Crock Pot Pork Chops on a plate with rice

Using a slow cooker is the perfect way to save time on the busiest days. These crock pot boneless pork chops are perfectly tender, melt in your mouth meat cooked in the most spectacular sauce.

If you’re looking for easy pork Crock Pot recipes, you’ve got to try my Crock Pot Pork Sirloin Tip Roast.

Spice rubbed pork roast slow cooked to glorious perfection with only 20 minutes of active cook time makes this the best carnita recipe I have ever made!

Or, this Slow Cooker Pork Carnitas recipe makes luscious, slow-cooked meat that is so soft and juicy, it melts in your mouth. The carnitas are perfectly seasoned with robust flavor.

sauce ingredients in slow cooker

How to Make Crock Pot Pork Chops

Making slow cooker pork-chops is seriously so easy. Just toss the ingredients into the pot and set it to low.

This recipe takes just a few minutes of preparation and your Crockpot does the rest. Come back to it hours later and you’ll find perfectly tender, melt in your mouth pork ready to serve!


Watch the video below to see how easy it is to make crock pot pork chops!

Tips for making the best boneless pork chops

Using thick-cut chops is essential. Thinner cuts cook too quickly so you will not have the same results.

Add chili paste according to your desired heat level. We use 3 tablespoons for a little kick. If you prefer a milder flavor, add less or omit it altogether. It is fabulous either way.

Cook times will vary based on your Crockpot and the thickness of your chops. It’s important that you don’t overcook your meat or it will be dry and tough.
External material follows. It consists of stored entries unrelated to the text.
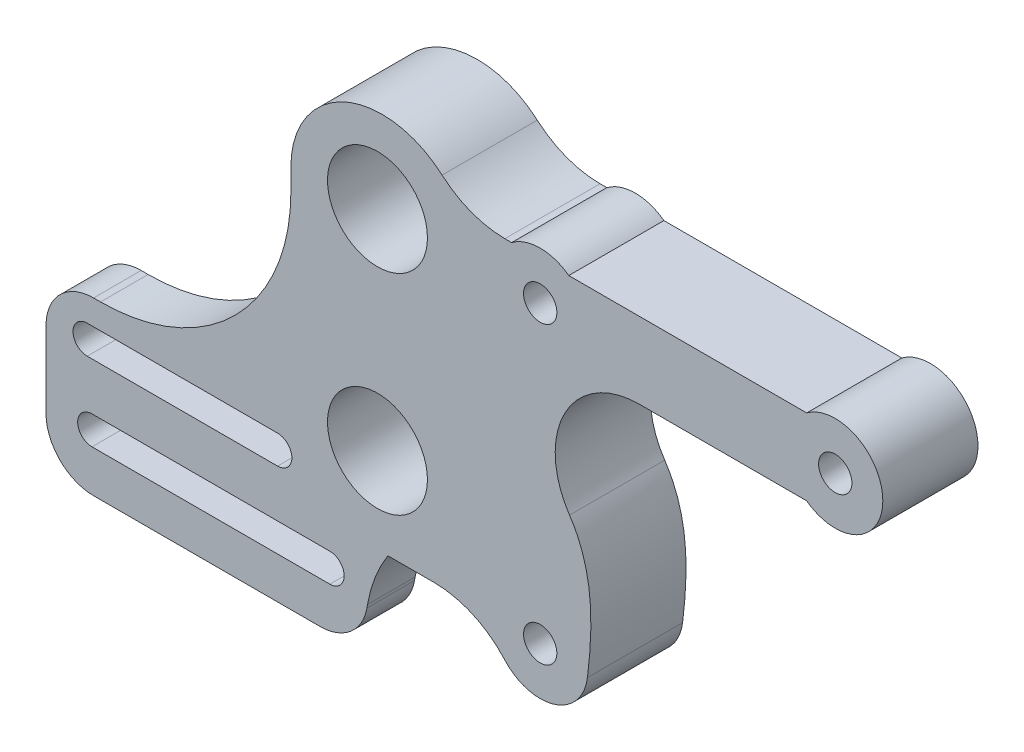
SolidWorks part; units mm, degrees
material "ABS generico"
ref_plane "Piano frontale" through (0, 0, 0) normal (0, 0, 1) x (1, 0, 0)
ref_plane "Piano superiore" through (0, 0, 0) normal (0, 1, 0) x (1, 0, 0)
ref_plane "Piano destro" through (0, 0, 0) normal (1, 0, 0) x (0, 0, -1)
sketch "Sketch1" plane through (0, 0, 0) normal (0, 0, 1) x (1, 0, 0)
  line L0 (59.1153, 43.5513) -> (59.8228, 43.5513)
  line L1 (65.8228, 43.5513) -> (90.8228, 43.5513)
  line L2 (36.6269, 38.8486) -> (36.6269, 18.7513)
  line L3 (51.6425, 8.5513) -> (46.8269, 8.5513)
  line L4 (90.8228, 35.5513) -> (73.2211, 35.5513)
  line L6 (62.8228, -5.7466) -> (62.8228, 55.7339) construction
  line L7 (10.2847, 39.5513) -> (106.4029, 39.5513) construction
  arc A0 (59.096, 5.2179) -> (65.7153, 4.4728) centre (62.8228, 8.5513) ccw
  arc A1 (90.8228, 35.5513) -> (90.8228, 43.5513) centre (93.8228, 39.5513) ccw
  arc A2 (52.5151, 46.0388) -> (36.6269, 38.8486) centre (46.198, 38.8486) ccw
  arc A3 (46.8269, 8.5513) -> (36.6269, 18.7513) centre (46.8269, 18.7513) cw
  arc A4 (73.2211, 35.5513) -> (65.9057, 21.7942) centre (73.2211, 26.7278) ccw
  circle A5 centre (93.8228, 39.5513) radius 1.75
  circle A6 centre (62.8228, 39.5513) radius 1.75
  circle A7 centre (62.8228, 8.5513) radius 1.75
  arc A8 (65.8228, 43.5513) -> (59.8228, 43.5513) centre (62.8228, 39.5513) ccw
  arc A10 (65.7153, 4.4728) -> (67.786, 7.9453) centre (62.8228, 8.5513) ccw
  arc A11 (59.096, 5.2179) -> (51.6425, 8.5513) centre (51.6425, -1.4487) ccw
  arc A12 (59.1153, 43.5513) -> (52.5151, 46.0388) centre (59.1153, 53.5513) cw
  circle A13 centre (45.7251, 39.5513) radius 5.25
  circle A14 centre (45.7251, 17.5513) radius 5.25
  spline S0 degree 3 poles (65.9057, 21.7942) (68.5106, 17.9318) (68.3976, 12.9554) (67.786, 7.9453) knots 0 0 0 0 1 1 1 1
  point P21 (45.7251, 39.5513)
  point P22 (45.7251, 17.5513)
  point P41 (57.8228, 8.5513)
  dimension "D2" = 31
  dimension "D4" = 10
  dimension "D5" = 10
  dimension "D6" = 10.2
  dimension "D7" = 8
  dimension "D8" = 10
  dimension "D9" = 5
  dimension "D10" = 10
  dimension "D11" = 10
  dimension "D12" = 10.5
  dimension "D13" = 3.5
  dimension "D1" = 22
  dimension "D3" = 31
extrude "Boss-Extrude1" add sketch "Sketch1" against normal blind 10
sketch "Sketch2" plane through (0, 0, 0) normal (0, 0, 1) x (1, 0, 0)
  line L0 (45.6366, 8.5513) -> (43.8969, -1.4487)
  line L1 (37.3666, 16.5513) -> (39.364, 12.2499)
  line L2 (37.3666, 16.5513) -> (10.8969, 16.5513)
  line L3 (45.6366, 10.8576) -> (45.6366, 8.5513)
  line L5 (43.8969, -1.4487) -> (10.8969, -1.4487)
  line L9 (10.8969, 16.5513) -> (10.8969, -1.4487)
  line L14 (39.364, 12.2499) -> (45.6366, 10.8576)
  point P0 (49.8144, 8.5513)
  point P1 (-4.8939, 8.5513)
  point P4 (49.8144, 16.5513)
  point P5 (-4.8939, 16.5513)
  point P11 (45.6366, 16.5513)
  point P12 (45.6366, 5.6789)
  point P14 (-4.3634, 5.6789)
  dimension "D2" = 18
  dimension "D1" = 33
extrude "Extrude1" add sketch "Sketch2" against normal blind 5
fillet "Fillet2" radius 20 1 edges at (36.867, 16.5513, -2.5)
fillet "Fillet3" radius 5 1 edges at (10.8969, 16.5513, -2.5)
fillet "Fillet5" radius 5 1 edges at (10.8969, -1.4487, -2.5)
sketch "Sketch3" plane through (0, 0, -5) normal (0, 0, -1) x (-1, 0, 0)
  line L0 (-37.1999, 8.4181) -> (8.3883, 8.4181) construction
  line L1 (-40.7251, 15.9505) -> (-40.7251, -8.1457) construction
  line L2 (-37.1999, 4.4181) -> (8.3883, 4.4181) construction
  line L3 (-37.1999, 12.4181) -> (8.3883, 12.4181) construction
  line L4 (-15.2308, 12.4181) -> (-35.2308, 12.4181) construction
  line L5 (-15.2308, 10.9181) -> (-35.2308, 10.9181)
  line L6 (-15.2308, 13.9181) -> (-35.2308, 13.9181)
  line L7 (-15.7251, 4.4181) -> (-40.7251, 4.4181) construction
  line L8 (-15.7251, 2.9181) -> (-40.7251, 2.9181)
  line L9 (-15.7251, 5.9181) -> (-40.7251, 5.9181)
  arc A0 (-15.2308, 10.9181) -> (-15.2308, 13.9181) centre (-15.2308, 12.4181) ccw
  arc A1 (-35.2308, 13.9181) -> (-35.2308, 10.9181) centre (-35.2308, 12.4181) ccw
  arc A2 (-15.7251, 2.9181) -> (-15.7251, 5.9181) centre (-15.7251, 4.4181) ccw
  arc A3 (-40.7251, 5.9181) -> (-40.7251, 2.9181) centre (-40.7251, 4.4181) ccw
  circle A4 centre (-45.7251, 17.5513) radius 5.25 construction
  point P8 (-25.2308, 12.4181)
  point P14 (-28.2251, 4.4181)
  dimension "D1" = 20
  dimension "D2" = 25
extrude "Extrude2" cut sketch "Sketch3" against normal blind 5
fillet "Fillet7" radius 475 1 edges at (45.6366, 8.621, -2.5)
fillet "Fillet8" radius 15 1 edges at (45.6366, 8.5513, -2.5)
fillet "Fillet9" radius 5 1 edges at (43.8969, -1.4487, -2.5)
sketch "Sketch4" plane through (0, 0, -10) normal (0, 0, -1) x (-1, 0, 0)
  circle A0 centre (-62.8228, 39.5513) radius 3.5
  circle A1 centre (-93.8228, 39.5513) radius 3.5
  circle A2 centre (-62.8228, 8.5513) radius 3.5
  dimension "D1" = 7
  dimension "D2" = 2
  dimension "D3" = 2
extrude "Extrude3" cut sketch "Sketch4" against normal blind 2

crock  pot pork chops in sauce

Why we use boneless pork chops

We like to use boneless meat for this recipe because it reduces the cooking time. Just be sure that you use a thick-cut chop so the meat stays juicy.

Also, when choosing the meat, look for cuts that have some fat (marbling).

Lean meat isn’t the best choice for crockpot cooking – you need the fat and marbling to keep the food moist.

When it’s time to remove them from the slow cooker, you will need to use a spatula to take them out of the slow cooker. This is because they are so tender, they may even fall apart.

crock pot boneless pork chops cooking in sauce

Will the recipe work with bone in pork chops?

Yes, you can make this recipe with bone in chops if you want to.

Be sure to look for chops between 1 and 1 1/2 inches thick. Also, be careful not to cook them for too long. Overcooked meat will be dry and tough.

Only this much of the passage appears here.